Data extracts:
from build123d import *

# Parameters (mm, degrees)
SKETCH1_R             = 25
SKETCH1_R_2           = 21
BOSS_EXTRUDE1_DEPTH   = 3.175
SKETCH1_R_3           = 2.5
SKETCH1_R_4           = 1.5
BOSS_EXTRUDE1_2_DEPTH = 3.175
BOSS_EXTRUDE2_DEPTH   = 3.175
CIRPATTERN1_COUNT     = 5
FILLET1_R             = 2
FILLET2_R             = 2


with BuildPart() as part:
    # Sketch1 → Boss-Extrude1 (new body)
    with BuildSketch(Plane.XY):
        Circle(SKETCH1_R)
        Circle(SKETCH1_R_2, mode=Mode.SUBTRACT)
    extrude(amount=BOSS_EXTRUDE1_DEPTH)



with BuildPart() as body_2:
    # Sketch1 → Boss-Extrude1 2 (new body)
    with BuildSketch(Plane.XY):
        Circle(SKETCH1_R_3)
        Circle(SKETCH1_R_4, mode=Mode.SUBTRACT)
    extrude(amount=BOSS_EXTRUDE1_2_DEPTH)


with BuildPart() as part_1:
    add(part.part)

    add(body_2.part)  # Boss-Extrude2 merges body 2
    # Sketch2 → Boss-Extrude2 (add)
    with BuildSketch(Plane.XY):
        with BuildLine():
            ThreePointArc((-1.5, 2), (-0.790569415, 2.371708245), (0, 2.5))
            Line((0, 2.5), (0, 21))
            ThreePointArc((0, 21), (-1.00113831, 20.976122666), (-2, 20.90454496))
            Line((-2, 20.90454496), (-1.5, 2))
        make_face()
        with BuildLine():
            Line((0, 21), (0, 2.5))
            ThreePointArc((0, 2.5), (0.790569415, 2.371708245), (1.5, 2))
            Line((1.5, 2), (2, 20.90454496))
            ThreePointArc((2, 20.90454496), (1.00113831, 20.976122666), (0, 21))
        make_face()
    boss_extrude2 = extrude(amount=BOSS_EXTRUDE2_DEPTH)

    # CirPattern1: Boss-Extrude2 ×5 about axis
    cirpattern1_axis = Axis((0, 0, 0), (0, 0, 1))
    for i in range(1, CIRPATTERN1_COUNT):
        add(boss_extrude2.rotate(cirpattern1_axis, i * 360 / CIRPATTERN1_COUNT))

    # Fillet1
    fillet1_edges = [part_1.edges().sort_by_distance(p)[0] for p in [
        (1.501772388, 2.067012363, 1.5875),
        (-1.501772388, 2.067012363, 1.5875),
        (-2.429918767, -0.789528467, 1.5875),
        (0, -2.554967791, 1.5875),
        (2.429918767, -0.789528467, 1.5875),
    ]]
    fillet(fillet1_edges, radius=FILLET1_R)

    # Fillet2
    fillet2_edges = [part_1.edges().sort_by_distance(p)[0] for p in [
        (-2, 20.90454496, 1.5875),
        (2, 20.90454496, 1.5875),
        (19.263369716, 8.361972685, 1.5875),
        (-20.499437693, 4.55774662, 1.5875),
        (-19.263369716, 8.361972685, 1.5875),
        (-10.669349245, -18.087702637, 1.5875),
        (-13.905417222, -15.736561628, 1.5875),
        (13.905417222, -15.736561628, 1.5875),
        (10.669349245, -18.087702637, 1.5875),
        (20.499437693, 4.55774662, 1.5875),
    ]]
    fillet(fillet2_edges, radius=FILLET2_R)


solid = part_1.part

What to produce: In the entries above, find each line with "mode" and list it.

Written answer:
        Circle(SKETCH1_R_2, mode=Mode.SUBTRACT)
        Circle(SKETCH1_R_4, mode=Mode.SUBTRACT)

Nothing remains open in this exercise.